The 4-Hour Chef: The Simple Path to Cooking Like a Pro, Learning Anything, and Living the Good Life
- Author: Timothy Ferriss
- Language: English
- Subject: Self-actualization, self-employment, self-improvement, cooking
- Genre: Non-fiction
- Published: 2012 (New Harvest)
- Publisher: Amazon Publishing
- Publication place: United States
- Media type: Print
- OCLC: 785865773
- Preceded by: The 4-Hour Workweek, The 4-Hour Body
- Followed by: Tools of Titans

= The 4-Hour Chef =

2012 book by Timothy Ferriss

The 4-Hour Chef: The Simple Path to Cooking Like a Pro, Learning Anything, and Living the Good Life is a self-help book by Timothy Ferriss, published on November 20, 2012. Like Ferriss' other "4-Hour" books, The 4-Hour Chef revolves around a theme of self-improvement; this time, through the lens of cooking.

==Synopsis==
The 4-Hour Chef contains practical cooking and recipe tips and uses the skill of cooking to explain methods for accelerated learning. Recipes based on Ferriss' "Slow-Carb Diet" are included, and the book is presented as a practical guide to mastering cooking and food. Ferris presents these cooking techniques alongside his ideas on self-improvement and "meta-learning".

==Release and reception==
The 4-Hour Chef premiered on the New York Times, Publishers Weekly and USA Today bestseller lists, and was a #1 Wall Street Journal bestseller.

Prior to the release of The 4-Hour Chef, the book was boycotted by a selection of brick and mortar bookstores, most notably Barnes & Noble, because the book was published by Amazon Publishing rather than a traditional publisher. This boycott led to Ferriss striking a handful of partnerships with non-conventional partners, including BitTorrent, Panera Bread, and TaskRabbit. In particular, Ferriss partnered with BitTorrent to distribute an exclusive bundle of 4-Hour Chef content including excerpts from the book, photos, interviews and unpublished content. The bundle was downloaded over 300,000 times the first week after release.

In the week of release, Ferriss orchestrated an extensive media campaign, one that USA Today described as an "online media onslaught." The campaign included an "All-You-Can-Eat" promotion assembled by Ferriss, which offered incentives for book pre-orders ranging from supplemental materials to keynote speeches by Ferriss. During the first week of publication, the book received coverage in outlets such as CBS, Wired Magazine, Outside Magazine, and Dr. Oz.

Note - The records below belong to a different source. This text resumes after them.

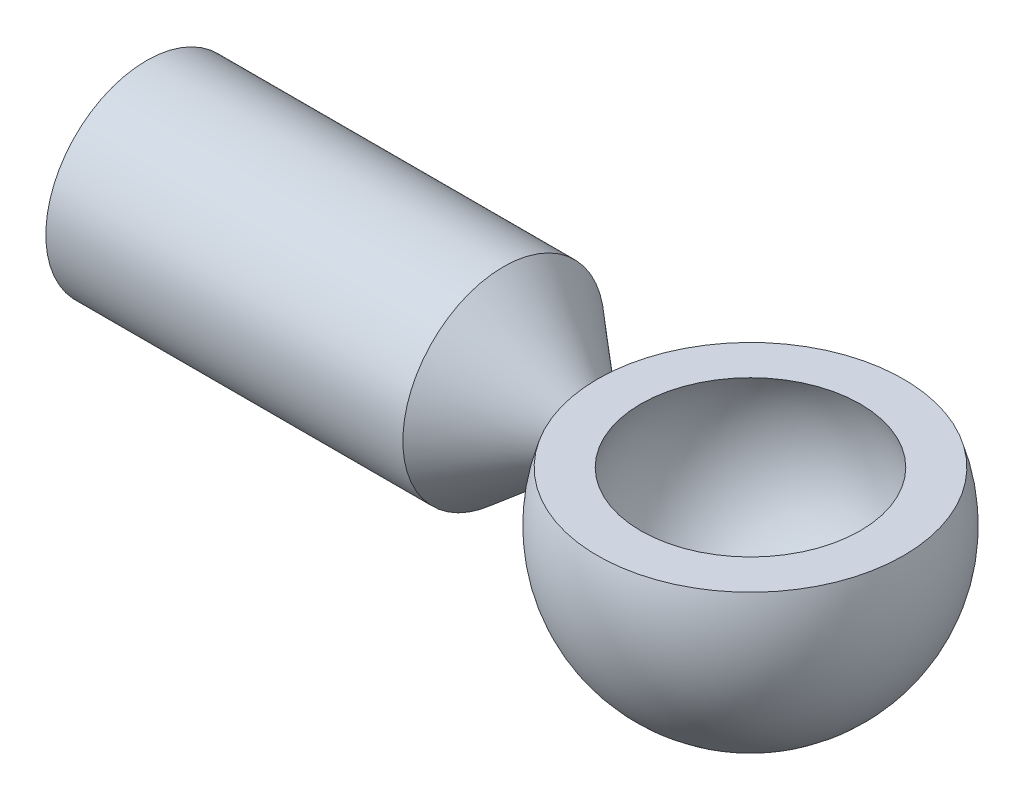
ISO-10303-21;
HEADER;
FILE_DESCRIPTION(('STEP AP214'),'2;1');
FILE_NAME('part.step','',(''),(''),'','','');
FILE_SCHEMA(('AUTOMOTIVE_DESIGN { 1 0 10303 214 1 1 1 1 }'));
ENDSEC;
DATA;
#1=APPLICATION_CONTEXT('core data for automotive mechanical design processes');
#2=APPLICATION_PROTOCOL_DEFINITION('international standard','automotive_design',2000,#1);
#3=PRODUCT_CONTEXT('',#1,'mechanical');
#4=PRODUCT('Part','Part','',(#3));
#5=PRODUCT_RELATED_PRODUCT_CATEGORY('part','',(#4));
#6=PRODUCT_DEFINITION_FORMATION('','',#4);
#7=PRODUCT_DEFINITION_CONTEXT('part definition',#1,'design');
#8=PRODUCT_DEFINITION('design','',#6,#7);
#9=PRODUCT_DEFINITION_SHAPE('','',#8);
#10=(LENGTH_UNIT() NAMED_UNIT(*) SI_UNIT(.MILLI.,.METRE.));
#11=(NAMED_UNIT(*) PLANE_ANGLE_UNIT() SI_UNIT($,.RADIAN.));
#12=(NAMED_UNIT(*) SI_UNIT($,.STERADIAN.) SOLID_ANGLE_UNIT());
#13=UNCERTAINTY_MEASURE_WITH_UNIT(LENGTH_MEASURE(1.E-05),#10,'distance_accuracy_value','');
#14=(GEOMETRIC_REPRESENTATION_CONTEXT(3) GLOBAL_UNCERTAINTY_ASSIGNED_CONTEXT((#13)) GLOBAL_UNIT_ASSIGNED_CONTEXT((#10,
#11,#12)) REPRESENTATION_CONTEXT('',''));
#15=CARTESIAN_POINT('',(0.,0.,0.));
#16=DIRECTION('',(0.,0.,1.));
#17=DIRECTION('',(1.,0.,0.));
#18=AXIS2_PLACEMENT_3D('',#15,#16,#17);
#19=CARTESIAN_POINT('',(0.,0.,0.));
#20=DIRECTION('',(0.,1.,0.));
#21=DIRECTION('',(-1.,0.,0.));
#22=AXIS2_PLACEMENT_3D('',#19,#20,#21);
#23=SPHERICAL_SURFACE('',#22,6.);
#24=CARTESIAN_POINT('',(0.,2.50000000000006,0.));
#25=DIRECTION('',(0.,1.,0.));
#26=DIRECTION('',(-1.,0.,0.));
#27=AXIS2_PLACEMENT_3D('',#24,#25,#26);
#28=CIRCLE('',#27,5.45435605731783);
#29=CARTESIAN_POINT('',(-5.45435605731786,2.5,0.));
#30=VERTEX_POINT('',#29);
#31=EDGE_CURVE('E39',#30,#30,#28,.T.);
#32=ORIENTED_EDGE('',*,*,#31,.T.);
#33=EDGE_LOOP('',(#32));
#34=FACE_BOUND('',#33,.T.);
#35=ADVANCED_FACE('F33',(#34),#23,.F.);
#36=CARTESIAN_POINT('',(-5.45435605731786,2.50000000000001,0.));
#37=DIRECTION('',(0.,1.,0.));
#38=DIRECTION('',(-1.,0.,0.));
#39=AXIS2_PLACEMENT_3D('',#36,#37,#38);
#40=PLANE('',#39);
#41=CARTESIAN_POINT('',(0.,2.50000000000008,0.));
#42=DIRECTION('',(0.,1.,0.));
#43=DIRECTION('',(-1.,0.,0.));
#44=AXIS2_PLACEMENT_3D('',#41,#42,#43);
#45=CIRCLE('',#44,7.59934207678531);
#46=CARTESIAN_POINT('',(-7.59934207678533,2.5,0.));
#47=VERTEX_POINT('',#46);
#48=EDGE_CURVE('E43',#47,#47,#45,.T.);
#49=ORIENTED_EDGE('',*,*,#48,.T.);
#50=EDGE_LOOP('',(#49));
#51=FACE_BOUND('',#50,.T.);
#52=ORIENTED_EDGE('',*,*,#31,.F.);
#53=EDGE_LOOP('',(#52));
#54=FACE_BOUND('',#53,.T.);
#55=ADVANCED_FACE('F89',(#51,#54),#40,.T.);
#56=CARTESIAN_POINT('',(0.,0.,0.));
#57=DIRECTION('',(0.,1.,0.));
#58=DIRECTION('',(-1.,0.,0.));
#59=AXIS2_PLACEMENT_3D('',#56,#57,#58);
#60=SPHERICAL_SURFACE('',#59,8.);
#61=CARTESIAN_POINT('',(-7.88923972809813,0.,0.));
#62=DIRECTION('',(1.,0.,0.));
#63=DIRECTION('',(0.,1.,0.));
#64=AXIS2_PLACEMENT_3D('',#61,#62,#63);
#65=CIRCLE('',#64,1.32661091228669);
#66=CARTESIAN_POINT('',(-7.88923972809813,-1.32661091228669,0.));
#67=VERTEX_POINT('',#66);
#68=EDGE_CURVE('E10',#67,#67,#65,.F.);
#69=ORIENTED_EDGE('',*,*,#68,.F.);
#70=EDGE_LOOP('',(#69));
#71=FACE_BOUND('',#70,.T.);
#72=ORIENTED_EDGE('',*,*,#48,.F.);
#73=EDGE_LOOP('',(#72));
#74=FACE_BOUND('',#73,.T.);
#75=ADVANCED_FACE('F84',(#71,#74),#60,.T.);
#76=CARTESIAN_POINT('',(-7.5,0.,0.));
#77=DIRECTION('',(-1.,0.,0.));
#78=DIRECTION('',(0.,-1.,0.));
#79=AXIS2_PLACEMENT_3D('',#76,#77,#78);
#80=CONICAL_SURFACE('',#79,1.,0.698131700797733);
#81=CARTESIAN_POINT('',(-12.2670143703768,0.,0.));
#82=DIRECTION('',(1.,0.,0.));
#83=DIRECTION('',(0.,1.,0.));
#84=AXIS2_PLACEMENT_3D('',#81,#82,#83);
#85=CIRCLE('',#84,5.);
#86=CARTESIAN_POINT('',(-12.2670143703768,-5.,0.));
#87=VERTEX_POINT('',#86);
#88=EDGE_CURVE('E47',#87,#87,#85,.T.);
#89=CARTESIAN_POINT('',(-7.88923972809813,-1.32661091228669,0.));
#90=CARTESIAN_POINT('',(-7.93484154728853,-1.36487538195037,0.));
#91=CARTESIAN_POINT('',(-7.98044336647894,-1.40313985161405,0.));
#92=CARTESIAN_POINT('',(-8.07164700485974,-1.47966879094141,0.));
#93=CARTESIAN_POINT('',(-8.11724882405015,-1.51793326060509,0.));
#94=CARTESIAN_POINT('',(-8.20845246243095,-1.59446219993245,0.));
#95=CARTESIAN_POINT('',(-8.25405428162136,-1.63272666959613,0.));
#96=CARTESIAN_POINT('',(-8.34525792000216,-1.70925560892349,0.));
#97=CARTESIAN_POINT('',(-8.39085973919256,-1.74752007858717,0.));
#98=CARTESIAN_POINT('',(-8.48206337757337,-1.82404901791453,0.));
#99=CARTESIAN_POINT('',(-8.52766519676377,-1.86231348757821,0.));
#100=CARTESIAN_POINT('',(-8.61886883514458,-1.93884242690557,0.));
#101=CARTESIAN_POINT('',(-8.66447065433498,-1.97710689656925,0.));
#102=CARTESIAN_POINT('',(-8.75567429271579,-2.05363583589662,0.));
#103=CARTESIAN_POINT('',(-8.80127611190619,-2.0919003055603,0.));
#104=CARTESIAN_POINT('',(-8.892479750287,-2.16842924488766,0.));
#105=CARTESIAN_POINT('',(-8.9380815694774,-2.20669371455134,0.));
#106=CARTESIAN_POINT('',(-9.02928520785821,-2.2832226538787,0.));
#107=CARTESIAN_POINT('',(-9.07488702704861,-2.32148712354238,0.));
#108=CARTESIAN_POINT('',(-9.16609066542942,-2.39801606286974,0.));
#109=CARTESIAN_POINT('',(-9.21169248461982,-2.43628053253342,0.));
#110=CARTESIAN_POINT('',(-9.30289612300063,-2.51280947186078,0.));
#111=CARTESIAN_POINT('',(-9.34849794219103,-2.55107394152446,0.));
#112=CARTESIAN_POINT('',(-9.43970158057183,-2.62760288085182,0.));
#113=CARTESIAN_POINT('',(-9.48530339976224,-2.6658673505155,0.));
#114=CARTESIAN_POINT('',(-9.57650703814304,-2.74239628984286,0.));
#115=CARTESIAN_POINT('',(-9.62210885733345,-2.78066075950654,0.));
#116=CARTESIAN_POINT('',(-9.71331249571425,-2.8571896988339,0.));
#117=CARTESIAN_POINT('',(-9.75891431490465,-2.89545416849758,0.));
#118=CARTESIAN_POINT('',(-9.85011795328546,-2.97198310782494,0.));
#119=CARTESIAN_POINT('',(-9.89571977247586,-3.01024757748862,0.));
#120=CARTESIAN_POINT('',(-9.98692341085667,-3.08677651681598,0.));
#121=CARTESIAN_POINT('',(-10.0325252300471,-3.12504098647966,0.));
#122=CARTESIAN_POINT('',(-10.1237288684279,-3.20156992580702,0.));
#123=CARTESIAN_POINT('',(-10.1693306876183,-3.23983439547071,0.));
#124=CARTESIAN_POINT('',(-10.2605343259991,-3.31636333479807,0.));
#125=CARTESIAN_POINT('',(-10.3061361451895,-3.35462780446175,0.));
#126=CARTESIAN_POINT('',(-10.3973397835703,-3.43115674378911,0.));
#127=CARTESIAN_POINT('',(-10.4429416027607,-3.46942121345279,0.));
#128=CARTESIAN_POINT('',(-10.5341452411415,-3.54595015278015,0.));
#129=CARTESIAN_POINT('',(-10.5797470603319,-3.58421462244383,0.));
#130=CARTESIAN_POINT('',(-10.6709506987127,-3.66074356177119,0.));
#131=CARTESIAN_POINT('',(-10.7165525179031,-3.69900803143487,0.));
#132=CARTESIAN_POINT('',(-10.8077561562839,-3.77553697076223,0.));
#133=CARTESIAN_POINT('',(-10.8533579754743,-3.81380144042591,0.));
#134=CARTESIAN_POINT('',(-10.9445616138551,-3.89033037975327,0.));
#135=CARTESIAN_POINT('',(-10.9901634330455,-3.92859484941695,0.));
#136=CARTESIAN_POINT('',(-11.0813670714263,-4.00512378874431,0.));
#137=CARTESIAN_POINT('',(-11.1269688906167,-4.04338825840799,0.));
#138=CARTESIAN_POINT('',(-11.2181725289976,-4.11991719773535,0.));
#139=CARTESIAN_POINT('',(-11.263774348188,-4.15818166739903,0.));
#140=CARTESIAN_POINT('',(-11.3549779865688,-4.23471060672639,0.));
#141=CARTESIAN_POINT('',(-11.4005798057592,-4.27297507639007,0.));
#142=CARTESIAN_POINT('',(-11.49178344414,-4.34950401571743,0.));
#143=CARTESIAN_POINT('',(-11.5373852633304,-4.38776848538112,0.));
#144=CARTESIAN_POINT('',(-11.6285889017112,-4.46429742470847,0.));
#145=CARTESIAN_POINT('',(-11.6741907209016,-4.50256189437216,0.));
#146=CARTESIAN_POINT('',(-11.7653943592824,-4.57909083369952,0.));
#147=CARTESIAN_POINT('',(-11.8109961784728,-4.6173553033632,0.));
#148=CARTESIAN_POINT('',(-11.9021998168536,-4.69388424269056,0.));
#149=CARTESIAN_POINT('',(-11.947801636044,-4.73214871235424,0.));
#150=CARTESIAN_POINT('',(-12.0390052744248,-4.8086776516816,0.));
#151=CARTESIAN_POINT('',(-12.0846070936152,-4.84694212134528,0.));
#152=CARTESIAN_POINT('',(-12.175810731996,-4.92347106067264,0.));
#153=CARTESIAN_POINT('',(-12.2214125511864,-4.96173553033632,0.));
#154=CARTESIAN_POINT('',(-12.2670143703768,-5.,0.));
#155=B_SPLINE_CURVE_WITH_KNOTS('',3,(#89,#90,#91,#92,#93,#94,#95,#96,#97,#98,#99,#100,#101,#102,
#103,#104,#105,#106,#107,#108,#109,#110,#111,#112,#113,#114,#115,#116,#117,#118,#119,#120,#121,
#122,#123,#124,#125,#126,#127,#128,#129,#130,#131,#132,#133,#134,#135,#136,#137,#138,#139,#140,
#141,#142,#143,#144,#145,#146,#147,#148,#149,#150,#151,#152,#153,#154),.UNSPECIFIED.,.F.,.F.,(4,
2,2,2,2,2,2,2,2,2,2,2,2,2,2,2,2,2,2,2,2,2,2,2,2,2,2,2,2,2,2,2,4),(0.,0.178586841533895,
0.357173683067789,0.535760524601683,0.714347366135579,0.892934207669473,1.07152104920337,
1.25010789073726,1.42869473227116,1.60728157380505,1.78586841533894,1.96445525687284,
2.14304209840673,2.32162893994063,2.50021578147452,2.67880262300842,2.85738946454231,
3.0359763060762,3.2145631476101,3.39314998914399,3.57173683067789,3.75032367221178,
3.92891051374568,4.10749735527957,4.28608419681346,4.46467103834736,4.64325787988125,
4.82184472141515,5.00043156294904,5.17901840448294,5.35760524601683,5.53619208755073,
5.71477892908462),.UNSPECIFIED.);
#156=EDGE_CURVE('BSEAM79',#67,#87,#155,.T.);
#157=ORIENTED_EDGE('',*,*,#68,.T.);
#158=ORIENTED_EDGE('',*,*,#88,.T.);
#159=ORIENTED_EDGE('',*,*,#156,.T.);
#160=ORIENTED_EDGE('',*,*,#156,.F.);
#161=EDGE_LOOP('',(#157,#159,#158,#160));
#162=FACE_BOUND('',#161,.T.);
#163=ADVANCED_FACE('F79',(#162),#80,.T.);
#164=CARTESIAN_POINT('',(-7.5,0.,0.));
#165=DIRECTION('',(1.,0.,0.));
#166=DIRECTION('',(0.,1.,0.));
#167=AXIS2_PLACEMENT_3D('',#164,#165,#166);
#168=CYLINDRICAL_SURFACE('',#167,5.);
#169=CARTESIAN_POINT('',(-30.,0.,0.));
#170=DIRECTION('',(1.,0.,0.));
#171=DIRECTION('',(0.,1.,0.));
#172=AXIS2_PLACEMENT_3D('',#169,#170,#171);
#173=CIRCLE('',#172,5.);
#174=CARTESIAN_POINT('',(-30.,5.,0.));
#175=VERTEX_POINT('',#174);
#176=EDGE_CURVE('E52',#175,#175,#173,.T.);
#177=ORIENTED_EDGE('',*,*,#176,.T.);
#178=EDGE_LOOP('',(#177));
#179=FACE_BOUND('',#178,.T.);
#180=ORIENTED_EDGE('',*,*,#88,.F.);
#181=EDGE_LOOP('',(#180));
#182=FACE_BOUND('',#181,.T.);
#183=ADVANCED_FACE('F73',(#179,#182),#168,.T.);
#184=CARTESIAN_POINT('',(-30.,5.,0.));
#185=DIRECTION('',(-1.,0.,0.));
#186=DIRECTION('',(0.,-1.,0.));
#187=AXIS2_PLACEMENT_3D('',#184,#185,#186);
#188=PLANE('',#187);
#189=CARTESIAN_POINT('',(-30.,0.,0.));
#190=DIRECTION('',(-1.,0.,0.));
#191=DIRECTION('',(0.,-1.,0.));
#192=AXIS2_PLACEMENT_3D('',#189,#190,#191);
#193=CIRCLE('',#192,3.);
#194=CARTESIAN_POINT('',(-30.,-3.,0.));
#195=VERTEX_POINT('',#194);
#196=EDGE_CURVE('E56',#195,#195,#193,.T.);
#197=ORIENTED_EDGE('',*,*,#196,.F.);
#198=EDGE_LOOP('',(#197));
#199=FACE_BOUND('',#198,.T.);
#200=ORIENTED_EDGE('',*,*,#176,.F.);
#201=EDGE_LOOP('',(#200));
#202=FACE_BOUND('',#201,.T.);
#203=ADVANCED_FACE('F67',(#199,#202),#188,.T.);
#204=CARTESIAN_POINT('',(-15.,0.,0.));
#205=DIRECTION('',(-1.,0.,0.));
#206=DIRECTION('',(0.,-1.,0.));
#207=AXIS2_PLACEMENT_3D('',#204,#205,#206);
#208=CYLINDRICAL_SURFACE('',#207,3.);
#209=CARTESIAN_POINT('',(-15.,0.,0.));
#210=DIRECTION('',(-1.,0.,0.));
#211=DIRECTION('',(0.,-1.,0.));
#212=AXIS2_PLACEMENT_3D('',#209,#210,#211);
#213=CIRCLE('',#212,3.);
#214=CARTESIAN_POINT('',(-15.,-3.,0.));
#215=VERTEX_POINT('',#214);
#216=EDGE_CURVE('E55',#215,#215,#213,.T.);
#217=ORIENTED_EDGE('',*,*,#216,.F.);
#218=EDGE_LOOP('',(#217));
#219=FACE_BOUND('',#218,.T.);
#220=ORIENTED_EDGE('',*,*,#196,.T.);
#221=EDGE_LOOP('',(#220));
#222=FACE_BOUND('',#221,.T.);
#223=ADVANCED_FACE('F64',(#219,#222),#208,.F.);
#224=CARTESIAN_POINT('',(-15.,0.,0.));
#225=DIRECTION('',(-1.,0.,0.));
#226=DIRECTION('',(0.,-1.,0.));
#227=AXIS2_PLACEMENT_3D('',#224,#225,#226);
#228=PLANE('',#227);
#229=ORIENTED_EDGE('',*,*,#216,.T.);
#230=EDGE_LOOP('',(#229));
#231=FACE_BOUND('',#230,.T.);
#232=ADVANCED_FACE('F62',(#231),#228,.T.);
#233=CLOSED_SHELL('',(#35,#55,#75,#163,#183,#203,#223,#232));
#234=MANIFOLD_SOLID_BREP('B2',#233);
#235=ADVANCED_BREP_SHAPE_REPRESENTATION('',(#18,#234),#14);
#236=SHAPE_DEFINITION_REPRESENTATION(#9,#235);
ENDSEC;
END-ISO-10303-21;

Reviewing for the Wall Street Journal, Aram Bakshiam Jr gave a mostly negative review, praising the book for describing the challenges and joys of cooking, but ultimately concluding it "lacks balance and coherence and has the feel of an overlong report produced by a committee." Kirkus Reviews was more positive, calling the book a "wildly inventive excursion through the creation of our daily bread."